A single number is the answer here: the count of lines in the data below that include the word "contours".

[Dataset entries]

++++++++++++++++++++

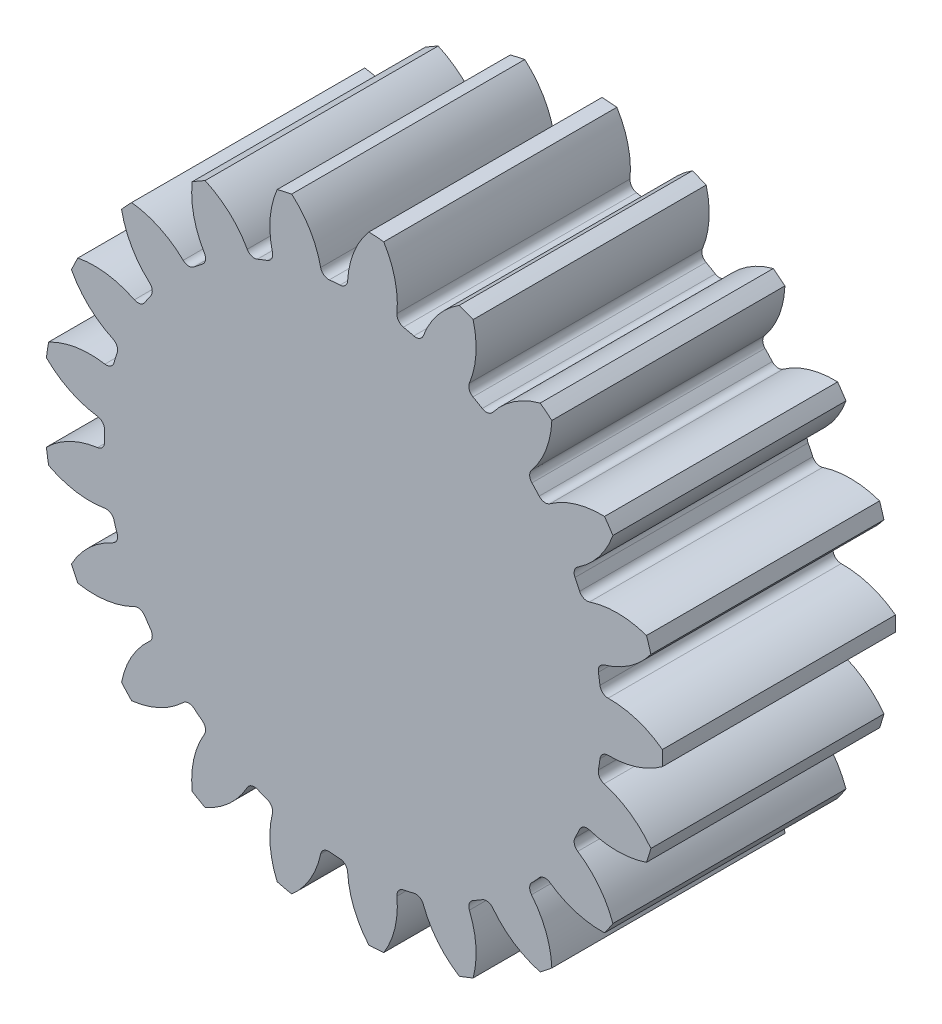
SolidWorks part; units mm, degrees
ref_plane "Front Plane" through (0, 0, 0) normal (0, 0, 1) x (1, 0, 0)
ref_plane "Top Plane" through (0, 0, 0) normal (0, 1, 0) x (1, 0, 0)
ref_plane "Right Plane" through (0, 0, 0) normal (1, 0, 0) x (0, 0, -1)
sketch "Sketch1" plane through (0, 0, 0) normal (0, 0, 1) x (1, 0, 0)
  circle A0 centre (0, 0) radius 31.5
  circle A1 centre (0, 0) radius 34.5
  circle A2 centre (0, 0) radius 27.75
  dimension "D1" = 63
  dimension "D2" = 69
  dimension "D3" = 6.75
extrude "Boss-Extrude1" add sketch "Sketch1" along normal mid plane 26 contours A1
sketch "Sketch4" plane through (0, 0, 0) normal (0, 0, 1) x (1, 0, 0)
  line L0 (0, 0) -> (-34.5, 0) construction
  line L1 (-31.4119, -2.354) -> (-31.4119, 2.354) construction
  line L2 (0, 0) -> (-27.713, -1.4331) construction
  line L3 (-26.3638, 0) -> (-35.257, -4.147) construction
  line L4 (0, 0) -> (-34.1147, 5.142) construction
  line L5 (-31.4119, 2.354) -> (-30.7102, 7.0094) construction
  circle A0 centre (0, 0) radius 34.5 construction
  arc A1 (-35.1006, -5.3105) -> (-27.713, -1.4331) centre (-27.198, -11.3907) cw
  arc A2 (-35.1006, 5.3105) -> (-27.713, 1.4331) centre (-27.198, 11.3907) ccw
  arc A3 (-35.1006, 5.3105) -> (-35.1006, -5.3105) centre (0, 0) ccw
  circle A4 centre (0, 0) radius 27.75
  arc A5 (-27.713, 1.4331) -> (-27.713, -1.4331) centre (0, 0) ccw
  circle A6 centre (0, 0) radius 34.5
  arc A7 (-34.2284, -4.3202) -> (-34.2284, 4.3202) centre (0, 0) ccw
  circle A10 centre (0, 0) radius 35.5 construction
  circle A11 centre (0, 0) radius 34.5 construction
  circle A15 centre (0, 0) radius 31.5
  circle A16 centre (0, 0) radius 31.5
  point P20 (32.9925, 10.0868)
  point P22 (35.5, 0)
  dimension "D4" = 25
  dimension "D5" = 8.571
  dimension "D1" = 0
  dimension "D2" = 0
  dimension "D3" = 1
  dimension "D6" = 0
extrude "Cut-Extrude1" cut sketch "Sketch4" against normal through all both and the other way through all contours A16 A2 A3 A1 | A2 A16 A1 A5
fillet "Fillet1" radius 0.9 2 edges at (-27.713, -1.4331, 0) (-27.713, 1.4331, 0)
pattern_circular "CirPattern1" count 21 over 360 about axis through (0, 0, 0) along (0, 0, 1) of "Cut-Extrude1", "Fillet1"
equation "\"Module\"= 3mm"
equation "\"Number of Teeth\" = 21"
equation "\"D1@Sketch1\"=\"Module\" * \"Number of Teeth\""
equation "\"D2@Sketch1\"=(\"Number of Teeth\" + 2) * \"Module\""
equation "\"D3@Sketch1\"=\"Module\" * if(\"Module\"=>1.25,2.25,2.4)"
equation "\"D5@Sketch4\"=180 / \"Number of Teeth\""
equation "\"D1@Fillet1\"=.3 * \"Module\""
equation "\"D1@CirPattern1\"=\"Number of Teeth\""
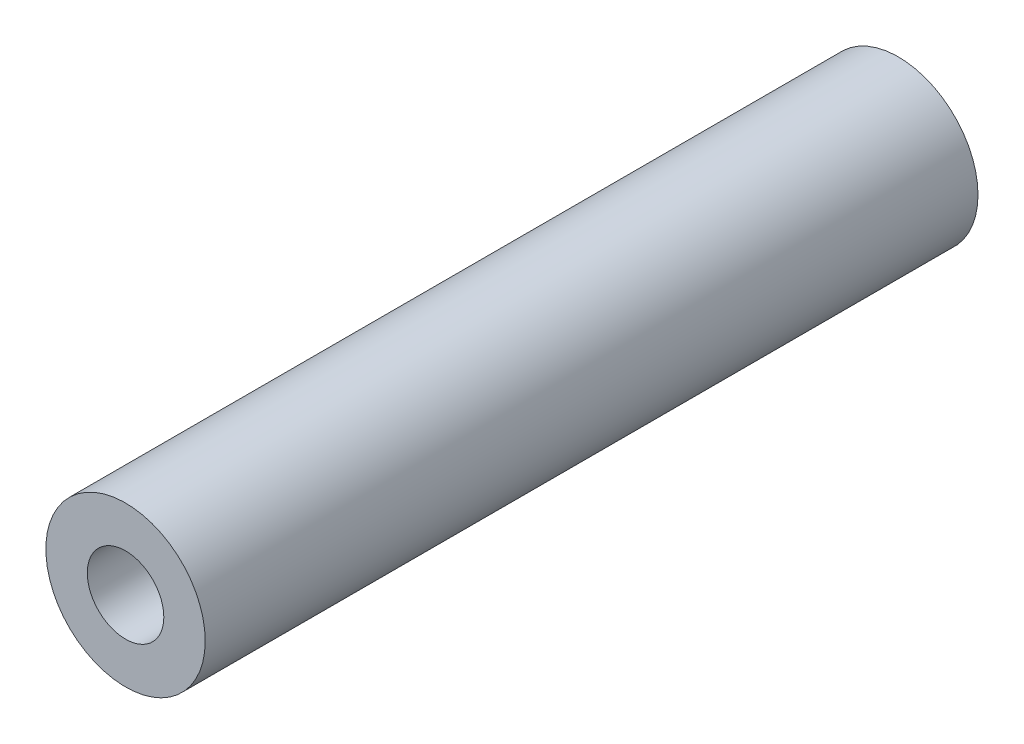
SolidWorks part; units mm, degrees
material "AISI 316 Stainless Steel Sheet (SS)"
ref_plane "Front Plane" through (0, 0, 0) normal (0, 0, 1) x (1, 0, 0)
ref_plane "Top Plane" through (0, 0, 0) normal (0, 1, 0) x (1, 0, 0)
ref_plane "Right Plane" through (0, 0, 0) normal (1, 0, 0) x (0, 0, -1)
sketch "Sketch1" plane through (0, 0, 0) normal (0, 0, 1) x (1, 0, 0)
  circle A0 centre (-7.7242, 4.7099) radius 0.2578
  dimension "D1" = 0.5156
extrude "Extrude1" add sketch "Sketch1" along normal blind 2.5
sketch "Sketch2" plane through (0, 0, 2.5) normal (0, 0, 1) x (1, 0, 0)
  circle A0 centre (-7.7242, 4.7099) radius 0.1238
  circle A1 centre (-7.7242, 4.7099) radius 0.2578 construction
  dimension "D1" = 0.2476
  dimension "D2" = 0.134
extrude "Cut-Extrude1" cut sketch "Sketch2" against normal blind 2.5
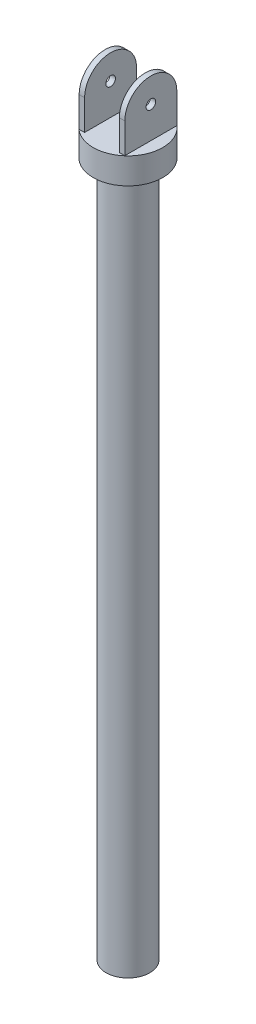
SolidWorks part; units mm, degrees
ref_plane "Front Plane" through (0, 0, 0) normal (0, 0, 1) x (1, 0, 0)
ref_plane "Top Plane" through (0, 0, 0) normal (0, 1, 0) x (1, 0, 0)
ref_plane "Right Plane" through (0, 0, 0) normal (1, 0, 0) x (0, 0, -1)
sketch "Sketch1" plane through (0, 0, 0) normal (0, 1, 0) x (1, 0, 0)
  circle A0 centre (0, 0) radius 25.4
  dimension "D1" = 50.8
extrude "Boss-Extrude1" add sketch "Sketch1" along normal blind 19.05
ref_plane "Plane1" through (12.7, 0, 0) normal (1, 0, 0) x (0, 0, -1)
sketch "Sketch2" plane through (12.7, 0, 0) normal (1, 0, 0) x (0, 0, -1)
  line L0 (-19, 19.05) -> (19, 19.05)
  line L2 (19, 19.05) -> (19, 41.05)
  line L3 (0, 42.05) -> (0, 0) construction
  line L4 (-19, 41.05) -> (-19, 19.05)
  circle A0 centre (0, 42.05) radius 3.5
  arc A1 (19, 41.05) -> (-19, 41.05) centre (0, 41.05) ccw
  point P4 (0, 60.05)
  dimension "D4" = 7
  dimension "D2" = 23
  dimension "D3" = 41
  dimension "D5" = 38
extrude "Boss-Extrude2" add sketch "Sketch2" along normal blind 4
mirror "Mirror1" about plane through (0, 0, 0) normal (1, 0, 0) of "Boss-Extrude2"
sketch "Sketch3" plane through (0, 0, 0) normal (0, -1, 0) x (1, 0, 0)
  circle A0 centre (0, 0) radius 16
  dimension "D1" = 32
extrude "Boss-Extrude3" add sketch "Sketch3" along normal blind 508

++++++++++++++++++++

Output for this exercise> 2